SP enhancements are affected by the extent of SP resonance with the excitation laser and the QW emission wavelength. The light of relatively shorter wavelengths cannot resonate well with the SP modes of long wavelengths [26]. With 457 nm laser and 520 nm emission from the QW structure used in this study, most of the SPs from different metals should be in resonance with both the laser and the emission. This should in principle result in higher PL enhancements compared with those reported by 400 and 405 excitation lasers. K. Tateishi et al., for instance, have reported a giant enhancement ratio using an Al film that did not result in significant enhancement in our work due mainly to the unique nanoscale surface properties of the Al film used in their work, which resulted in efficient SP enhancement [27]. The nanoscale surface properties such as roughness and texture are, however, not easy to control. Different metal deposition methods and treatments can result in different surface properties.

Figure 2c shows the PL spectra for metals and their combinations that did not result in a significant increase in PL intensities. The optimization of geometries and size distribution of these NPs and the LED structures might still allow enhancements from these metals. Figure 2d shows the enhancement ratios estimated from the PL spectra shown in Figure 2c.

Figure 3 shows the SEM surface images of some metal NPs. Compared with Cu-Mg NPs shown in Figure 1c, the Mg-Cu NPs are smaller in size, and the surface coverage of the NPs also drops when the Mg is on the top of Cu. It can be concluded that the order of metal deposition (Mg on Cu vs. Cu on Mg) affects the size distribution of the NPs, leading to differences in the extent of SP enhancement. It should be noted that Mg on top of most of the metals resulted in poor enhancement. Under the given annealing conditions, Mg did not form NPs as shown in Figure 3b, which indicates that the NPs shown in Figure 1c are CuNPs on Mg film.

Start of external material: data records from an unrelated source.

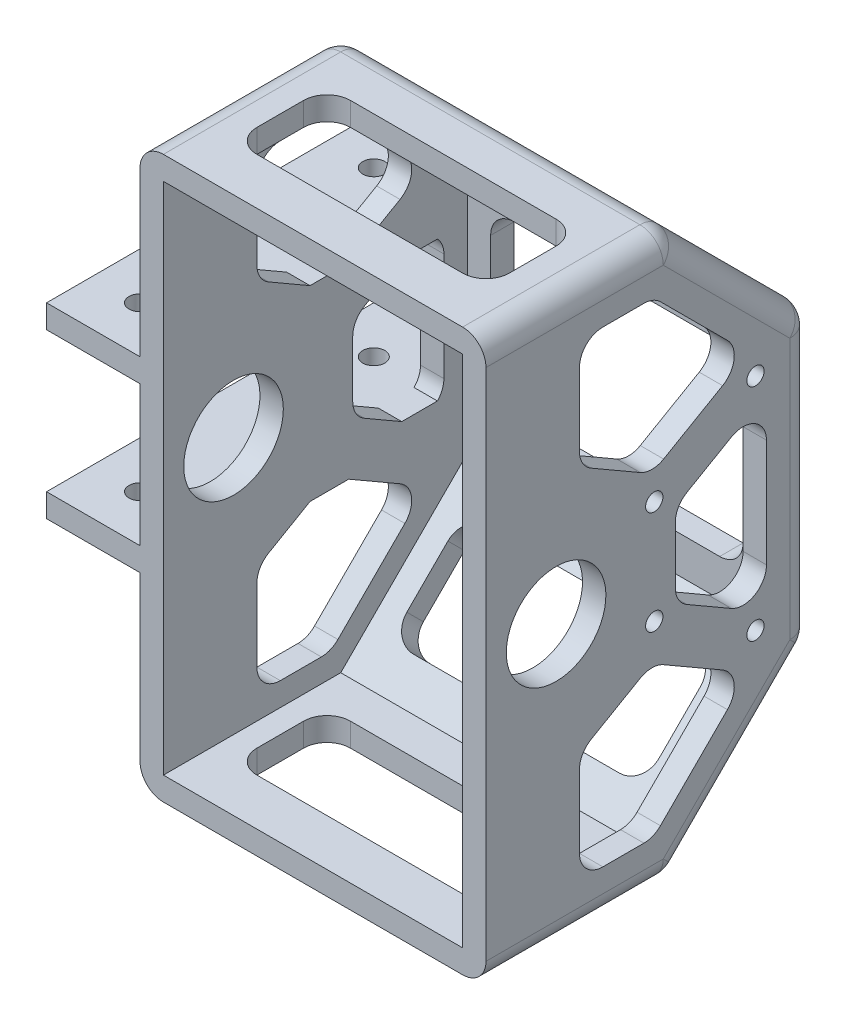
SolidWorks part; units mm, degrees
ref_plane "正面" through (0, 0, 0) normal (0, 0, 1) x (1, 0, 0)
ref_plane "平面" through (0, 0, 0) normal (0, 1, 0) x (1, 0, 0)
ref_plane "右側面" through (0, 0, 0) normal (1, 0, 0) x (0, 0, -1)
sketch "ｽｹｯﾁ1" plane through (0, 0, 0) normal (0, 0, 1) x (1, 0, 0)
  line L1 (-37, 60) -> (37, 60)
  line L2 (-37, 60) -> (-37, -60)
  line L3 (-37, -60) -> (37, -60)
  line L4 (37, 60) -> (37, -60)
  line L5 (-37, 60) -> (37, -60) construction
  line L6 (-37, -60) -> (37, 60) construction
  point P0 (0, 0)
  dimension "D1" = 120
  dimension "D2" = 74
extrude "ﾎﾞｽ - 押し出し1" add sketch "ｽｹｯﾁ1" along normal blind 70
chamfer "面取り2" distance 30 angle 45 2 edges at (0, 60, 0) (0, -60, 0)
sketch "ｽｹｯﾁ2" plane through (-37, 0, 0) normal (-1, 0, 0) x (0, 0, 1)
  line L0 (70, 60) -> (70, -60) construction
  line L1 (55, -23.6714) -> (55, -60)
  line L2 (55, 23.6714) -> (34.5, 11.8357)
  line L3 (34.5, 11.8357) -> (34.5, -11.8357)
  line L4 (34.5, -11.8357) -> (55, -23.6714)
  line L5 (55, -23.6714) -> (75.5, -11.8357)
  line L6 (75.5, -11.8357) -> (75.5, 11.8357)
  line L7 (75.5, 11.8357) -> (55, 23.6714)
  line L8 (70, -60) -> (30, -60) construction
  line L9 (34.5, -11.8357) -> (1.1122, -31.1122)
  line L10 (50, -23.6714) -> (50, -60)
  line L11 (0, -30) -> (30, -60) construction
  line L12 (55, 23.6714) -> (55, 60)
  line L13 (70, 60) -> (30, 60) construction
  line L14 (34.5, 11.8357) -> (1.1122, 31.1122)
  line L15 (30, 60) -> (0, 30) construction
  line L16 (32, -16.1658) -> (52.5, -28.0015)
  line L17 (32, -7.5056) -> (-1.3878, -26.782)
  line L18 (57.5, -28.0015) -> (80.5, -14.7224)
  line L19 (80.5, -14.7224) -> (80.5, 14.7224)
  line L20 (80.5, 14.7224) -> (57.5, 28.0015)
  line L21 (29.5, 11.8357) -> (29.5, -11.8357)
  line L22 (37, 16.1658) -> (3.6122, 35.4423)
  line L23 (52.5, 28.0015) -> (32, 16.1658)
  line L24 (60, 23.6714) -> (60, 60)
  line L25 (60, -23.6714) -> (60, -60)
  line L26 (37, -7.5056) -> (57.5, -19.3412)
  line L27 (37, -16.1658) -> (3.6122, -35.4423)
  line L28 (52.5, -19.3412) -> (70.5, -8.9489)
  line L29 (70.5, -8.9489) -> (70.5, 8.9489)
  line L30 (70.5, 8.9489) -> (52.5, 19.3412)
  line L31 (39.5, 11.8357) -> (39.5, -11.8357)
  line L32 (32, 7.5056) -> (-1.3878, 26.782)
  line L33 (57.5, 19.3412) -> (37, 7.5056)
  line L34 (50, 23.6714) -> (50, 60)
  line L47 (60, 50) -> (34.1421, 50)
  line L48 (34.1421, 50) -> (10, 25.8579)
  line L49 (10, 25.8579) -> (10, -25.8579)
  line L50 (10, -25.8579) -> (34.1421, -50)
  line L51 (34.1421, -50) -> (60, -50)
  line L52 (60, -50) -> (60, 50)
  line L53 (60, 50) -> (34.1421, 50)
  line L54 (34.1421, 50) -> (10, 25.8579)
  line L55 (10, 25.8579) -> (10, -25.8579)
  line L56 (10, -25.8579) -> (34.1421, -50)
  line L57 (34.1421, -50) -> (60, -50)
  line L58 (60, -50) -> (60, 50)
  circle A0 centre (55, 0) radius 10.65
  circle A1 centre (55, 0) radius 20.5 construction
  dimension "D1" = 21.3
  dimension "D2" = 15
  dimension "D3" = 41
  dimension "D4" = 5
  dimension "D5" = 5
  dimension "D6" = 10
shell "ｼｪﾙ1" thickness 5
extrude "ｶｯﾄ - 押し出し1" cut sketch "ｽｹｯﾁ2" against normal through all contours L56 L57 L10 L16 L27 | L32 L55 L17 L21 | L53 L54 L22 L23 L34 | L58 A0 | L58 A0
sketch "ｽｹｯﾁ3" plane through (0, -15, -15) normal (0, -0.7071, -0.7071) x (1, 0, 0)
  line L8 (-27, 53.6396) -> (-27, 31.2132)
  line L9 (-27, 31.2132) -> (27, 31.2132)
  line L10 (27, 31.2132) -> (27, 53.6396)
  line L11 (27, 53.6396) -> (-27, 53.6396)
  line L12 (-27, 53.6396) -> (-27, 31.2132)
  line L13 (-27, 31.2132) -> (27, 31.2132)
  line L14 (27, 31.2132) -> (27, 53.6396)
  line L15 (27, 53.6396) -> (-27, 53.6396)
  dimension "D1" = 10
extrude "ｶｯﾄ - 押し出し2" cut sketch "ｽｹｯﾁ3" against normal blind 70
sketch "ｽｹｯﾁ4" plane through (0, 15, -15) normal (0, 0.7071, -0.7071) x (1, 0, 0)
  line L8 (27, -53.6396) -> (27, -31.2132)
  line L9 (27, -31.2132) -> (-27, -31.2132)
  line L10 (-27, -31.2132) -> (-27, -53.6396)
  line L11 (-27, -53.6396) -> (27, -53.6396)
  line L12 (27, -53.6396) -> (27, -31.2132)
  line L13 (27, -31.2132) -> (-27, -31.2132)
  line L14 (-27, -31.2132) -> (-27, -53.6396)
  line L15 (-27, -53.6396) -> (27, -53.6396)
  dimension "D1" = 10
extrude "ｶｯﾄ - 押し出し3" cut sketch "ｽｹｯﾁ4" against normal blind 70
sketch "ｽｹｯﾁ5" plane through (0, 0, 0) normal (0, 0, -1) x (-1, 0, 0)
  line L8 (27, -20) -> (27, 20)
  line L9 (27, 20) -> (-27, 20)
  line L10 (-27, 20) -> (-27, -20)
  line L11 (-27, -20) -> (27, -20)
  line L12 (27, -20) -> (27, 20)
  line L13 (27, 20) -> (-27, 20)
  line L14 (-27, 20) -> (-27, -20)
  line L15 (-27, -20) -> (27, -20)
  dimension "D1" = 10
extrude "ｶｯﾄ - 押し出し4" cut sketch "ｽｹｯﾁ5" against normal blind 70
sketch "ｽｹｯﾁ7" plane through (0, 60, 0) normal (0, 1, 0) x (1, 0, 0)
  line L8 (27, -60) -> (27, -40)
  line L9 (27, -40) -> (-27, -40)
  line L10 (-27, -40) -> (-27, -60)
  line L11 (-27, -60) -> (27, -60)
  line L12 (27, -60) -> (27, -40)
  line L13 (27, -40) -> (-27, -40)
  line L14 (-27, -40) -> (-27, -60)
  line L15 (-27, -60) -> (27, -60)
  dimension "D1" = 10
extrude "ｶｯﾄ - 押し出し5" cut sketch "ｽｹｯﾁ7" against normal through all
fillet "ﾌｨﾚｯﾄ1" radius 5 62 edges at (27, 51.1612, 24.6967) (-27, 51.1612, 24.6967) (-27, 35.3033, 8.8388) (27, 35.3033, 8.8388) (-27, 20, 2.5) (-27, -20, 2.5) (27, 20, 2.5) (27, -20, 2.5) (-27, -35.3033, 8.8388) (-27, -51.1612, 24.6967) (27, -51.1612, 24.6967) (27, -35.3033, 8.8388) (34.5, -50, 34.1421) (34.5, -29.596, 13.7382) (34.5, -17.6092, 34.5) (34.5, -26.5581, 50) (34.5, -50, 50) (34.5, 26.5581, 50) (34.5, 17.6092, 34.5) (34.5, 29.596, 13.7382) (34.5, 50, 34.1421) (34.5, 50, 50) (34.5, -20.2073, 10) (34.5, -8.9489, 29.5) (34.5, 8.9489, 29.5) (34.5, 20.2073, 10) (-34.5, 29.596, 13.7382) (-34.5, 50, 34.1421) (-34.5, 50, 50) (-34.5, 26.5581, 50) (-34.5, 17.6092, 34.5) (-34.5, 20.2073, 10) (-34.5, 8.9489, 29.5) (-34.5, -20.2073, 10) (-34.5, -8.9489, 29.5) (-34.5, -29.596, 13.7382) (-34.5, -17.6092, 34.5) (-34.5, -26.5581, 50) (-34.5, -50, 50) (-34.5, -50, 34.1421) (-27, -57.5, 60) (-27, -57.5, 40) (27, -57.5, 40) (27, -57.5, 60) (27, 57.5, 60) (27, 57.5, 40) (-27, 57.5, 40) (-27, 57.5, 60) (37, -45, 15) (37, -60, 50) (-37, -60, 50) (-37, -45, 15) (0, -30, 0) (-37, 0, 0) (-37, 45, 15) (0, 60, 30) (-37, 60, 50) (37, 60, 50) (0, 30, 0) (37, 45, 15) (37, 0, 0) (0, -60, 30)
sketch "ｽｹｯﾁ10" plane through (-37, 0, 0) normal (-1, 0, 0) x (0, 0, 1)
  line L0 (5, 27.9289) -> (5, -27.9289) construction
  line L1 (70, 17.5) -> (5, 17.5)
  line L2 (70, 17.5) -> (70, -17.5)
  line L3 (70, -17.5) -> (5, -17.5)
  line L4 (5, 17.5) -> (5, -17.5)
  line L5 (70, 17.5) -> (5, -17.5) construction
  line L6 (70, -17.5) -> (5, 17.5) construction
  line L7 (70, 55) -> (70, -55) construction
  line L8 (70, -15) -> (5, -15)
  line L9 (70, 20) -> (5, 20)
  line L10 (70, -20) -> (5, -20)
  line L11 (70, 15) -> (5, 15)
  line L13 (5, -15) -> (0, -15)
  line L14 (5, -15) -> (5, -20)
  line L15 (5, -20) -> (0, -20)
  line L16 (0, -15) -> (0, -20)
  line L17 (2.5, -20) -> (2.5, -15) construction
  line L18 (5, -17.5) -> (0, -17.5) construction
  line L19 (5, 20) -> (0, 20)
  line L20 (5, 20) -> (5, 15)
  line L21 (5, 15) -> (0, 15)
  line L22 (0, 20) -> (0, 15)
  line L23 (2.5, 15) -> (2.5, 20) construction
  line L24 (5, 17.5) -> (0, 17.5) construction
  circle A0 centre (55, 0) radius 10.65 construction
  point P0 (37.5, 0)
  point P110 (2.5, -17.5)
  point P114 (2.5, 17.5)
  line M12 (47.5, 25.1147) -> (37, 19.0526)
  arc M13 (37, 19.0526) -> (32, 19.0526) centre (34.5, 23.3827) cw
  line M14 (32, 19.0526) -> (19.3813, 26.338)
  arc M17 (10, 11.547) -> (17.5, 15.8771) centre (15, 11.547) cw
  line M18 (17.5, 15.8771) -> (27, 10.3923)
  line M22 (27, -10.3923) -> (17.5, -15.8771)
  arc M23 (17.5, -15.8771) -> (10, -11.547) centre (15, -11.547) cw
  line M28 (19.3813, -26.338) -> (32, -19.0526)
  arc M29 (32, -19.0526) -> (37, -19.0526) centre (34.5, -23.3827) cw
  line M30 (37, -19.0526) -> (47.5, -25.1147)
  line M36 (70, -55) -> (70, 55)
  line M39 (5, 27.9289) -> (5, -27.9289)
  dimension "D1" = 0
  dimension "D2" = 35
  dimension "D3" = 0
  dimension "D4" = 2.5
  dimension "D5" = 2.5
extrude "ﾎﾞｽ - 押し出し3" add sketch "ｽｹｯﾁ10" along normal blind 20 and the other way blind 5 contours L8 L4 L3 M36 M22 M23 | L10 L3 M36 M39 M28 M29 M30 | L11 L1 M36 M39 M17 M18 | L9 L1 M36 M12 M13 M14 M39 | L10 M30 M29 M28 | L9 M12 M14 M13 | L8 M22 M23 | L11 M18 M17 | L19 L22 L21 M39 | L13 L16 L15 L4 M39
sketch "ｽｹｯﾁ12" plane through (0, -20, 0) normal (0, -1, 0) x (1, 0, 0)
  line L0 (-57, 70) -> (-57, 0) construction
  line L1 (-37, 70) -> (-57, 70) construction
  line L2 (-57, 70) -> (-57, 0) construction
  circle A0 centre (-47, 60) radius 2.35
  circle A1 centre (-47, 10) radius 2.35
  dimension "D1" = 10
  dimension "D2" = 10
  dimension "D3" = 4.7
  dimension "D4" = 50
  dimension "D5" = 4.7
  dimension "D6" = 10
extrude "ｶｯﾄ - 押し出し7" cut sketch "ｽｹｯﾁ12" against normal through all
sketch "ｽｹｯﾁ13" plane through (37, 0, 0) normal (1, 0, 0) x (0, 0, -1)
  line L0 (-34, -10.0111) -> (-12.3494, -22.5111) construction
  line L1 (-34, -10.0111) -> (-34, 12.1244) construction
  line L2 (-34, 12.1244) -> (-12.3494, 24.6244) construction
  line L3 (-12.3494, 24.6244) -> (-12.3494, -22.5111) construction
  circle A0 centre (-12.3494, 24.6244) radius 1.85
  circle A1 centre (-34, 12.1244) radius 1.85
  circle A2 centre (-34, -10.0111) radius 1.85
  circle A3 centre (-12.3494, -22.5111) radius 1.85
  dimension "D1" = 3.7
  dimension "D2" = 3.7
  dimension "D3" = 3.7
  dimension "D4" = 3.7
extrude "ｶｯﾄ - 押し出し8" cut sketch "ｽｹｯﾁ13" against normal blind 10
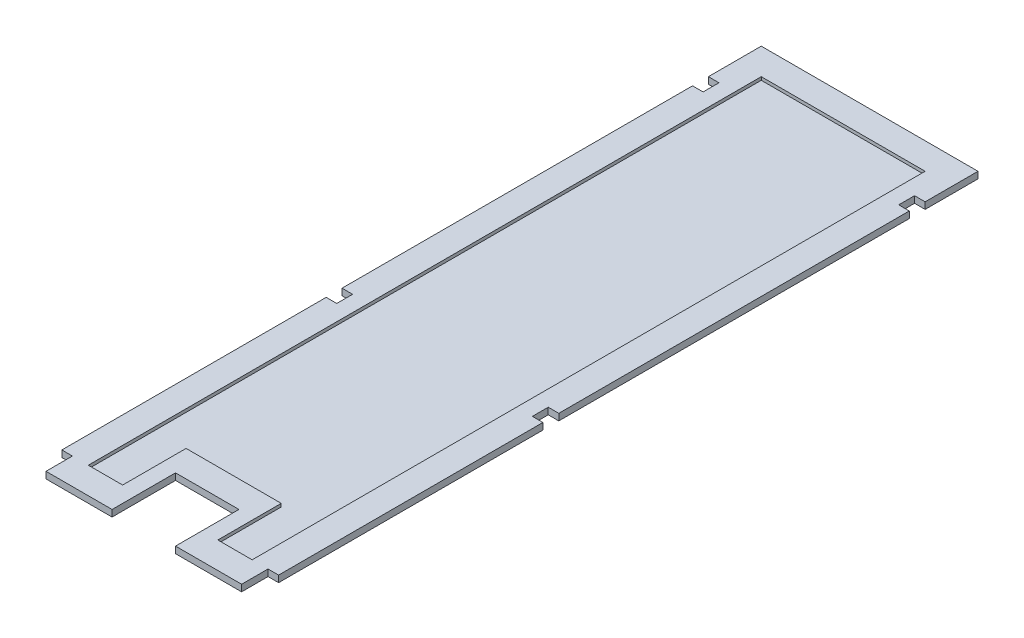
SolidWorks part; units mm, degrees
ref_plane "Front Plane" through (0, 0, 0) normal (0, 0, 1) x (1, 0, 0)
ref_plane "Top Plane" through (0, 0, 0) normal (0, 1, 0) x (1, 0, 0)
ref_plane "Right Plane" through (0, 0, 0) normal (1, 0, 0) x (0, 0, -1)
sketch "Sketch1" plane through (0, 0, 0) normal (0, 1, 0) x (1, 0, 0)
  line L0 (0, 58) -> (0, 124.3)
  line L1 (2, 0) -> (14.5, 0)
  line L2 (0, 5) -> (0, 55)
  line L3 (0, 137.3) -> (41, 137.3)
  line L4 (41, 5) -> (41, 55)
  line L7 (0, 5) -> (2, 5)
  line L8 (2, 0) -> (2, 5)
  line L11 (41, 5) -> (39, 5)
  line L12 (39, 0) -> (39, 5)
  line L13 (0, 55) -> (2, 55)
  line L15 (0, 58) -> (2, 58)
  line L16 (2, 55) -> (2, 58)
  line L17 (41, 55) -> (39, 55)
  line L19 (41, 58) -> (39, 58)
  line L20 (39, 55) -> (39, 58)
  line L21 (41, 58) -> (41, 124.3)
  line L22 (0, 127.3) -> (0, 137.3)
  line L23 (0, 127.3) -> (2, 127.3)
  line L25 (0, 124.3) -> (2, 124.3)
  line L26 (2, 127.3) -> (2, 124.3)
  line L27 (41, 124.3) -> (39, 124.3)
  line L29 (41, 127.3) -> (39, 127.3)
  line L30 (39, 124.3) -> (39, 127.3)
  line L31 (41, 127.3) -> (41, 137.3)
  line L32 (26.5, 0) -> (39, 0)
  line L34 (14.5, 0) -> (14.5, 12)
  line L35 (14.5, 12) -> (26.5, 12)
  line L36 (26.5, 0) -> (26.5, 12)
  dimension "D1" = 137.3
  dimension "D2" = 41
  dimension "D3" = 2
  dimension "D4" = 5
  dimension "D5" = 2
  dimension "D6" = 5
  dimension "D7" = 3
  dimension "D8" = 2
  dimension "D9" = 50
  dimension "D10" = 3
  dimension "D11" = 2
  dimension "D12" = 50
  dimension "D13" = 3
  dimension "D14" = 2
  dimension "D15" = 10
  dimension "D16" = 3
  dimension "D17" = 2
  dimension "D18" = 10
  dimension "D19" = 12
  dimension "D20" = 12
  dimension "D21" = 14.5
extrude "Boss-Extrude1" add sketch "Sketch1" along normal blind 1.25
sketch "Sketch2" plane through (0, 1.25, 0) normal (0, 1, 0) x (1, 0, 0)
  line L0 (0, 124.3) -> (0, 58) construction
  line L1 (5, 132.3) -> (36, 132.3)
  line L2 (5, 132.3) -> (5, 17)
  line L3 (11.5, 17) -> (29.5, 17)
  line L4 (36, 132.3) -> (36, 17)
  line L5 (41, 58) -> (41, 124.3) construction
  line L6 (41, 137.3) -> (0, 137.3) construction
  line L7 (14.5, 12) -> (26.5, 12) construction
  line L10 (5, 17) -> (5, 5)
  line L11 (5, 5) -> (11.5, 5)
  line L12 (11.5, 17) -> (11.5, 5)
  line L14 (36, 17) -> (36, 5)
  line L15 (36, 5) -> (29.5, 5)
  line L16 (29.5, 17) -> (29.5, 5)
  line L17 (26.5, 12) -> (26.5, 0) construction
  line L18 (14.5, 0) -> (14.5, 12) construction
  line L19 (2, 0) -> (14.5, 0) construction
  line L20 (26.5, 0) -> (39, 0) construction
  point P12 (20.5, 12)
  dimension "D1" = 5
  dimension "D2" = 5
  dimension "D3" = 5
  dimension "D4" = 5
  dimension "D5" = 3
  dimension "D6" = 3
  dimension "D7" = 5
  dimension "D8" = 5
extrude "Cut-Extrude1" cut sketch "Sketch2" against normal blind 0.6
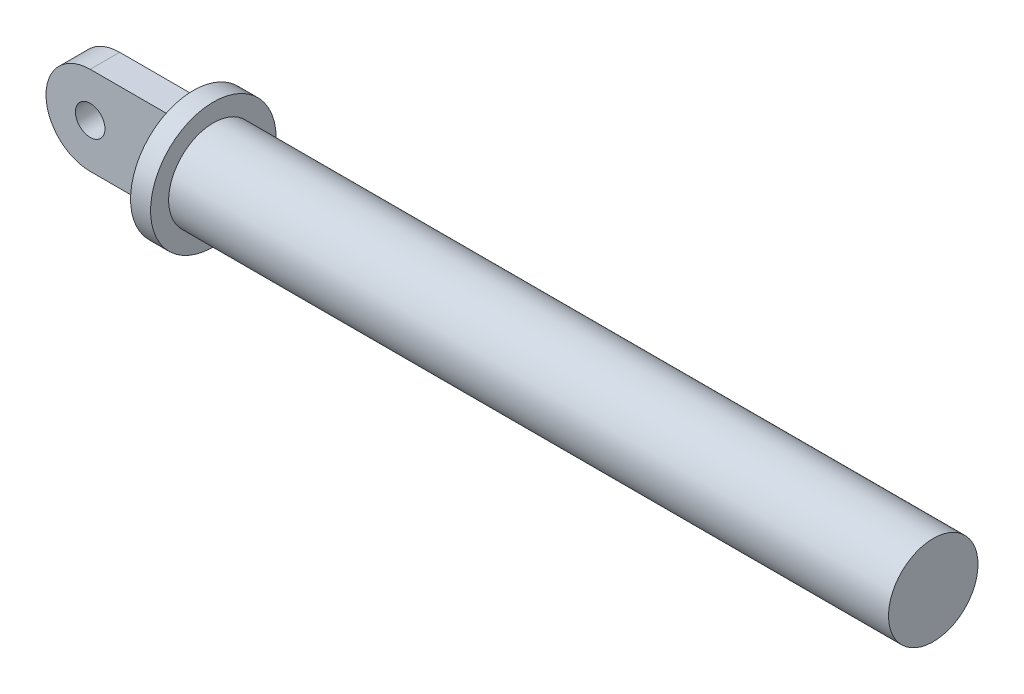
SolidWorks part; units mm, degrees
ref_plane "Front Plane" through (0, 0, 0) normal (0, 0, 1) x (1, 0, 0)
ref_plane "Top Plane" through (0, 0, 0) normal (0, 1, 0) x (1, 0, 0)
ref_plane "Right Plane" through (0, 0, 0) normal (1, 0, 0) x (0, 0, -1)
sketch "Sketch1" plane through (0, 0, 0) normal (0, 0, 1) x (1, 0, 0)
  line L1 (-52.4189, 39.0177) -> (-22.4189, 39.0177)
  line L3 (-52.4189, 9.0177) -> (-22.4189, 9.0177)
  line L4 (-22.4189, 39.0177) -> (-22.4189, 9.0177)
  circle A0 centre (-52.4189, 24.0177) radius 5.0037
  arc A1 (-52.4189, 39.0177) -> (-52.4189, 9.0177) centre (-52.4189, 24.0177) ccw
  dimension "D1" = 30
  dimension "D2" = 30
extrude "Boss-Extrude1" add sketch "Sketch1" along normal mid plane 10
sketch "Sketch2" plane through (0, 0, 0) normal (0, 0, 1) x (1, 0, 0)
  line L0 (-22.4189, 24.0177) -> (-22.4189, 45.3243)
  line L1 (-22.4189, 9.0177) -> (-22.4189, 39.0177) construction
  line L2 (-22.4189, 45.3243) -> (-15.6234, 45.3243)
  line L3 (-15.6234, 45.3243) -> (-15.6234, 39.1949)
  line L4 (-15.6234, 39.1949) -> (228.6339, 39.1949)
  line L5 (228.6339, 39.1949) -> (228.6339, 24.0177)
  line L6 (228.6339, 24.0177) -> (-22.4189, 24.0177)
revolve "Revolve4" add sketch "Sketch2" angle 360 about L6

The Cu NPs shown in Figure 3c do not look much different from the Cu-Mg NPs, yet the enhancement from Cu NPs is much lower compared with Cu-Mg NPs. Figure 3d shows the big Ag NPs surrounded by small Ag NPs. The small-Ag NPs surrounding the big NPs have been reported to result in PL quenching [28]. Cu-Ag and Ag-Cu double metals films on the other hand resulted in similar NPs size and surface coverage, resulting in almost equal PL enhancement. The size distribution of NPs is thus an important factor that can be further optimized by using different annealing temperatures and the thicknesses of the metals involved. Cu in combination with Ag and Mg thus resulted in superior SP properties. The SP capabilities of Cu in combination with other metals should hence be explored further.

4. Conclusions

SP enhancement capabilities of single- and double-metal NPs for a green-emitting QW were investigated. Cu-Mg NPs resulted in high PL and IQE enhancement compared with that of NPs of all other metals and their combinations studied in this work. Reversing the order of metal deposition (Mg-Cu) resulted in low PL intensity, which confirmed that the homogenous alloying of Cu and Mg did not occur under the given annealing conditions. The order of metal deposition can affect the geometry and size distribution of the NPs made of some metal combinations, leading to their different SP enhancement capabilities. It has been observed that, under the given annealing conditions, Mg film does not form NPs and also limits the NPs formation in a metal under it. A better control of the geometry and size distribution may offer further emission enhancement and understanding of the mechanism of emission enhancement using Cu-Mg NPs that will be explored in future work. The work emphasizes the use of NPs of low-cost metals and their combinations for SP enhancement in LEDs.